Until July at the earliest, the foundation behind the GNOME desktop environment will be freezing all expenditure deemed not essential to its running will be frozen, as the foundation has run out of cash reserves.

“The issue has been caused by a number of factors,” wrote GNOME Foundation board member, Ekaterina Gerasimova in a post to the foundation’s mailing list.

“These include increased administrative overheads in the last few years due to the increased turnover which has been caused by to the Outreach Program for Women, and the associated payments going out while the associated income has been slow to come in.”

To rectify the situation within a few months, the GNOME Foundation intends to invoice, and chase up, outstanding monies owed to it.

“By keeping expenditures to a minimum while some delayed revenue is regained, the board aims to have things back to normal within a few months,” said a FAQ on the freeze.

It doesn’t sound that bad, until you look at the numbers and realize that the Women’s Outreach Program, which didn’t exist in 2010, rapidly grew to soak up 45.8 percent of the foundation’s entire budget by 2013.

Karen Sandler was, for three years, the foundation’s executive director. She made Women’s Outreach the open source software’s top priority, and quickly turned what had been a financially healthy tech foundation into one that was $80,000 in the hole. In 2013, the most recently reported year, Gnome spent $275,000 of its $600,00 budget (and $512,000 revenue) on Women’s Outreach.

In her outgoing statement as Gnome’s Executive Director, Ms Sandler described the Outreach Program for Women as an “ongoing success”. She was also elected to Gnome’s Board of Directors.

“The more an institution converges towards the highest abstract standard of social and distributive justice, the less it is able to perform its primary function.” 
SJWs Always Lie: Taking Down the Thought Police


The end of air supremacy

ESR called this one in “Battlefield Lasers”, which appeared in Riding the Red Horse.

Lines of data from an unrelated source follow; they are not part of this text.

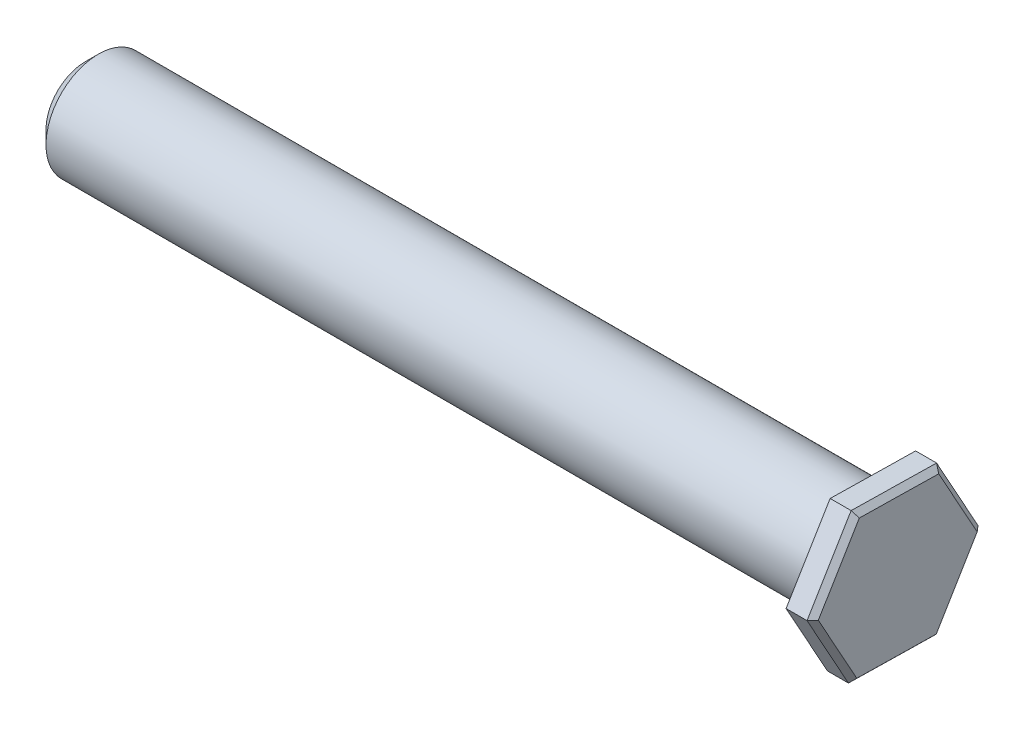
ISO-10303-21;
HEADER;
FILE_DESCRIPTION(('STEP AP214'),'2;1');
FILE_NAME('part.step','',(''),(''),'','','');
FILE_SCHEMA(('AUTOMOTIVE_DESIGN { 1 0 10303 214 1 1 1 1 }'));
ENDSEC;
DATA;
#1=APPLICATION_CONTEXT('core data for automotive mechanical design processes');
#2=APPLICATION_PROTOCOL_DEFINITION('international standard','automotive_design',2000,#1);
#3=PRODUCT_CONTEXT('',#1,'mechanical');
#4=PRODUCT('Part','Part','',(#3));
#5=PRODUCT_RELATED_PRODUCT_CATEGORY('part','',(#4));
#6=PRODUCT_DEFINITION_FORMATION('','',#4);
#7=PRODUCT_DEFINITION_CONTEXT('part definition',#1,'design');
#8=PRODUCT_DEFINITION('design','',#6,#7);
#9=PRODUCT_DEFINITION_SHAPE('','',#8);
#10=(LENGTH_UNIT() NAMED_UNIT(*) SI_UNIT(.MILLI.,.METRE.));
#11=(NAMED_UNIT(*) PLANE_ANGLE_UNIT() SI_UNIT($,.RADIAN.));
#12=(NAMED_UNIT(*) SI_UNIT($,.STERADIAN.) SOLID_ANGLE_UNIT());
#13=UNCERTAINTY_MEASURE_WITH_UNIT(LENGTH_MEASURE(1.E-05),#10,'distance_accuracy_value','');
#14=(GEOMETRIC_REPRESENTATION_CONTEXT(3) GLOBAL_UNCERTAINTY_ASSIGNED_CONTEXT((#13)) GLOBAL_UNIT_ASSIGNED_CONTEXT((#10,
#11,#12)) REPRESENTATION_CONTEXT('',''));
#15=CARTESIAN_POINT('',(0.,0.,0.));
#16=DIRECTION('',(0.,0.,1.));
#17=DIRECTION('',(1.,0.,0.));
#18=AXIS2_PLACEMENT_3D('',#15,#16,#17);
#19=CARTESIAN_POINT('',(150.,0.,0.));
#20=DIRECTION('',(-1.,0.,0.));
#21=DIRECTION('',(0.,0.,1.));
#22=AXIS2_PLACEMENT_3D('',#19,#20,#21);
#23=CYLINDRICAL_SURFACE('',#22,10.);
#24=CARTESIAN_POINT('',(2.50000000000003,0.,0.));
#25=DIRECTION('',(1.,0.,0.));
#26=DIRECTION('',(0.,0.,-1.));
#27=AXIS2_PLACEMENT_3D('',#24,#25,#26);
#28=CIRCLE('',#27,10.);
#29=CARTESIAN_POINT('',(2.50000000000003,0.,-10.));
#30=VERTEX_POINT('',#29);
#31=EDGE_CURVE('E45',#30,#30,#28,.T.);
#32=ORIENTED_EDGE('',*,*,#31,.T.);
#33=EDGE_LOOP('',(#32));
#34=FACE_BOUND('',#33,.T.);
#35=CARTESIAN_POINT('',(150.,0.,0.));
#36=DIRECTION('',(1.,0.,0.));
#37=DIRECTION('',(0.,0.,-1.));
#38=AXIS2_PLACEMENT_3D('',#35,#36,#37);
#39=CIRCLE('',#38,10.);
#40=CARTESIAN_POINT('',(150.,0.,-10.));
#41=VERTEX_POINT('',#40);
#42=EDGE_CURVE('E115',#41,#41,#39,.T.);
#43=ORIENTED_EDGE('',*,*,#42,.F.);
#44=EDGE_LOOP('',(#43));
#45=FACE_BOUND('',#44,.T.);
#46=ADVANCED_FACE('F37',(#34,#45),#23,.T.);
#47=CARTESIAN_POINT('',(0.,0.,0.));
#48=DIRECTION('',(1.,0.,0.));
#49=DIRECTION('',(0.,0.,-1.));
#50=AXIS2_PLACEMENT_3D('',#47,#48,#49);
#51=PLANE('',#50);
#52=CARTESIAN_POINT('',(0.,0.,0.));
#53=DIRECTION('',(1.,0.,0.));
#54=DIRECTION('',(0.,0.,-1.));
#55=AXIS2_PLACEMENT_3D('',#52,#53,#54);
#56=CIRCLE('',#55,7.49999999999998);
#57=CARTESIAN_POINT('',(0.,0.,-7.49999999999998));
#58=VERTEX_POINT('',#57);
#59=EDGE_CURVE('E11',#58,#58,#56,.F.);
#60=ORIENTED_EDGE('',*,*,#59,.T.);
#61=EDGE_LOOP('',(#60));
#62=FACE_BOUND('',#61,.T.);
#63=ADVANCED_FACE('F207',(#62),#51,.F.);
#64=CARTESIAN_POINT('',(155.,14.271842173842,7.8973524301262));
#65=DIRECTION('',(0.,-0.51566572756256,-0.856789856042528));
#66=DIRECTION('',(0.,0.856789856042528,-0.51566572756256));
#67=AXIS2_PLACEMENT_3D('',#64,#65,#66);
#68=PLANE('',#67);
#69=DIRECTION('',(-1.,0.,0.));
#70=VECTOR('',#69,1.);
#71=CARTESIAN_POINT('',(155.,0.296613259792956,16.3084540964124));
#72=LINE('',#71,#70);
#73=CARTESIAN_POINT('',(154.,0.296613259792956,16.3084540964124));
#74=VERTEX_POINT('',#73);
#75=CARTESIAN_POINT('',(150.,0.296613259792956,16.3084540964124));
#76=VERTEX_POINT('',#75);
#77=EDGE_CURVE('E107',#74,#76,#72,.T.);
#78=ORIENTED_EDGE('',*,*,#77,.F.);
#79=DIRECTION('',(0.,0.856789856042528,-0.51566572756256));
#80=VECTOR('',#79,1.);
#81=CARTESIAN_POINT('',(154.,14.271842173842,7.8973524301262));
#82=LINE('',#81,#80);
#83=CARTESIAN_POINT('',(154.,14.271842173842,7.8973524301262));
#84=VERTEX_POINT('',#83);
#85=EDGE_CURVE('E178',#74,#84,#82,.T.);
#86=ORIENTED_EDGE('',*,*,#85,.T.);
#87=DIRECTION('',(-1.,0.,0.));
#88=VECTOR('',#87,1.);
#89=CARTESIAN_POINT('',(155.,14.271842173842,7.8973524301262));
#90=LINE('',#89,#88);
#91=CARTESIAN_POINT('',(150.,14.271842173842,7.8973524301262));
#92=VERTEX_POINT('',#91);
#93=EDGE_CURVE('E129',#84,#92,#90,.T.);
#94=ORIENTED_EDGE('',*,*,#93,.T.);
#95=DIRECTION('',(0.,-0.856789856042528,0.51566572756256));
#96=VECTOR('',#95,1.);
#97=CARTESIAN_POINT('',(150.,14.271842173842,7.8973524301262));
#98=LINE('',#97,#96);
#99=EDGE_CURVE('E122',#92,#76,#98,.T.);
#100=ORIENTED_EDGE('',*,*,#99,.T.);
#101=EDGE_LOOP('',(#78,#86,#94,#100));
#102=FACE_BOUND('',#101,.T.);
#103=ADVANCED_FACE('F127',(#102),#68,.F.);
#104=CARTESIAN_POINT('',(155.,0.296613259792956,16.3084540964124));
#105=DIRECTION('',(0.,0.484168917256361,-0.874974547951426));
#106=DIRECTION('',(0.,0.874974547951426,0.484168917256361));
#107=AXIS2_PLACEMENT_3D('',#104,#105,#106);
#108=PLANE('',#107);
#109=DIRECTION('',(-1.,0.,0.));
#110=VECTOR('',#109,1.);
#111=CARTESIAN_POINT('',(155.,-13.9752289140491,8.41110166628622));
#112=LINE('',#111,#110);
#113=CARTESIAN_POINT('',(154.,-13.9752289140491,8.41110166628622));
#114=VERTEX_POINT('',#113);
#115=CARTESIAN_POINT('',(150.,-13.9752289140491,8.41110166628622));
#116=VERTEX_POINT('',#115);
#117=EDGE_CURVE('E116',#114,#116,#112,.T.);
#118=ORIENTED_EDGE('',*,*,#117,.F.);
#119=DIRECTION('',(0.,0.874974547951426,0.484168917256361));
#120=VECTOR('',#119,1.);
#121=CARTESIAN_POINT('',(154.,0.296613259792956,16.3084540964124));
#122=LINE('',#121,#120);
#123=EDGE_CURVE('E52',#114,#74,#122,.T.);
#124=ORIENTED_EDGE('',*,*,#123,.T.);
#125=ORIENTED_EDGE('',*,*,#77,.T.);
#126=DIRECTION('',(0.,-0.874974547951426,-0.484168917256361));
#127=VECTOR('',#126,1.);
#128=CARTESIAN_POINT('',(150.,0.296613259792956,16.3084540964124));
#129=LINE('',#128,#127);
#130=EDGE_CURVE('E110',#76,#116,#129,.T.);
#131=ORIENTED_EDGE('',*,*,#130,.T.);
#132=EDGE_LOOP('',(#118,#124,#125,#131));
#133=FACE_BOUND('',#132,.T.);
#134=ADVANCED_FACE('F109',(#133),#108,.F.);
#135=CARTESIAN_POINT('',(155.,-13.9752289140491,8.41110166628622));
#136=DIRECTION('',(0.,0.999834644818921,-0.0181846919088983));
#137=DIRECTION('',(0.,0.0181846919088983,0.999834644818921));
#138=AXIS2_PLACEMENT_3D('',#135,#136,#137);
#139=PLANE('',#138);
#140=DIRECTION('',(-1.,0.,0.));
#141=VECTOR('',#140,1.);
#142=CARTESIAN_POINT('',(155.,-14.271842173842,-7.89735243012619));
#143=LINE('',#142,#141);
#144=CARTESIAN_POINT('',(154.,-14.271842173842,-7.89735243012619));
#145=VERTEX_POINT('',#144);
#146=CARTESIAN_POINT('',(150.,-14.271842173842,-7.89735243012619));
#147=VERTEX_POINT('',#146);
#148=EDGE_CURVE('E151',#145,#147,#143,.T.);
#149=ORIENTED_EDGE('',*,*,#148,.F.);
#150=DIRECTION('',(0.,0.0181846919088983,0.999834644818921));
#151=VECTOR('',#150,1.);
#152=CARTESIAN_POINT('',(154.,-13.9752289140491,8.41110166628622));
#153=LINE('',#152,#151);
#154=EDGE_CURVE('E60',#145,#114,#153,.T.);
#155=ORIENTED_EDGE('',*,*,#154,.T.);
#156=ORIENTED_EDGE('',*,*,#117,.T.);
#157=DIRECTION('',(0.,-0.0181846919088983,-0.999834644818921));
#158=VECTOR('',#157,1.);
#159=CARTESIAN_POINT('',(150.,-13.9752289140491,8.41110166628622));
#160=LINE('',#159,#158);
#161=EDGE_CURVE('E125',#116,#147,#160,.T.);
#162=ORIENTED_EDGE('',*,*,#161,.T.);
#163=EDGE_LOOP('',(#149,#155,#156,#162));
#164=FACE_BOUND('',#163,.T.);
#165=ADVANCED_FACE('F275',(#164),#139,.F.);
#166=CARTESIAN_POINT('',(155.,-14.271842173842,-7.89735243012619));
#167=DIRECTION('',(0.,0.51566572756256,0.856789856042528));
#168=DIRECTION('',(0.,-0.856789856042528,0.51566572756256));
#169=AXIS2_PLACEMENT_3D('',#166,#167,#168);
#170=PLANE('',#169);
#171=DIRECTION('',(-1.,0.,0.));
#172=VECTOR('',#171,1.);
#173=CARTESIAN_POINT('',(155.,-0.296613259792948,-16.3084540964124));
#174=LINE('',#173,#172);
#175=CARTESIAN_POINT('',(154.,-0.296613259792948,-16.3084540964124));
#176=VERTEX_POINT('',#175);
#177=CARTESIAN_POINT('',(150.,-0.296613259792948,-16.3084540964124));
#178=VERTEX_POINT('',#177);
#179=EDGE_CURVE('E149',#176,#178,#174,.T.);
#180=ORIENTED_EDGE('',*,*,#179,.F.);
#181=DIRECTION('',(0.,-0.856789856042528,0.51566572756256));
#182=VECTOR('',#181,1.);
#183=CARTESIAN_POINT('',(154.,-14.271842173842,-7.89735243012619));
#184=LINE('',#183,#182);
#185=EDGE_CURVE('E174',#176,#145,#184,.T.);
#186=ORIENTED_EDGE('',*,*,#185,.T.);
#187=ORIENTED_EDGE('',*,*,#148,.T.);
#188=DIRECTION('',(0.,0.856789856042528,-0.51566572756256));
#189=VECTOR('',#188,1.);
#190=CARTESIAN_POINT('',(150.,-14.271842173842,-7.89735243012619));
#191=LINE('',#190,#189);
#192=EDGE_CURVE('E138',#147,#178,#191,.T.);
#193=ORIENTED_EDGE('',*,*,#192,.T.);
#194=EDGE_LOOP('',(#180,#186,#187,#193));
#195=FACE_BOUND('',#194,.T.);
#196=ADVANCED_FACE('F260',(#195),#170,.F.);
#197=CARTESIAN_POINT('',(155.,-0.296613259792948,-16.3084540964124));
#198=DIRECTION('',(0.,-0.484168917256362,0.874974547951426));
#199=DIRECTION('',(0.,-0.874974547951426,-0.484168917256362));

If history teaches us anything about military technology, it’s that cheap systems scale up faster than expensive ones do. It is already easy to imagine an up-gunned version of Rodriguez’s laser pointer slaved to a radar with a couple of bog-standard servomotors. Off-the-shelf parts, incremental cost less than $3K each, with most of it the development budget going for the targeting firmware. Cost per shot, effectively free.

Call it the PlaneZapper. You could sit it on a roof, power it off wall current, and it would blind every pilot it can see. Including drone pilots; even if there’s a peak-clipping filter between a drone’s sensors and its pilot’s screen, the effect will be like whiteout. Altitude and cloudy skies might save pilots from the early versions of the PlaneZapper, but for anything that has to fly low and slow this could already be a death knell. Close air support and medevac are obvious vulnerabilities.

Apparently someone at Boeing was reading Raymond:

Wednesday morning, the company showed off its Compact Laser Weapon System for media in Albuquerque, New Mexico. It’s a much smaller, significantly more portable version of the High Energy Laser Mobile Demonstrator (HEL MD) Boeing demonstrated last year. This setup looks like an overgrown camera, swiveling around on a tripod.

In the demo, Boeing used the laser to burn holes in a stationary, composite UAV shell, to show how quickly it can compromise an aircraft. Two seconds at full power and the target was aflame. Other than numerous safety warnings to ensure no one was blinded by the two-kilowatt infrared laser, there was no fanfare. No explosions, no visible beam. It’s more like burning ants with a really, really expensive magnifying glass than obliterating Alderaan.

Instead of a massive laser mounted on a dedicated truck, the compact system is small enough to fit in four suitcase-sized boxes and can be set up by a pair of soldiers or technicians in just a few minutes.

This means that the battle for air supremacy is going to have to move higher, which is to say, space.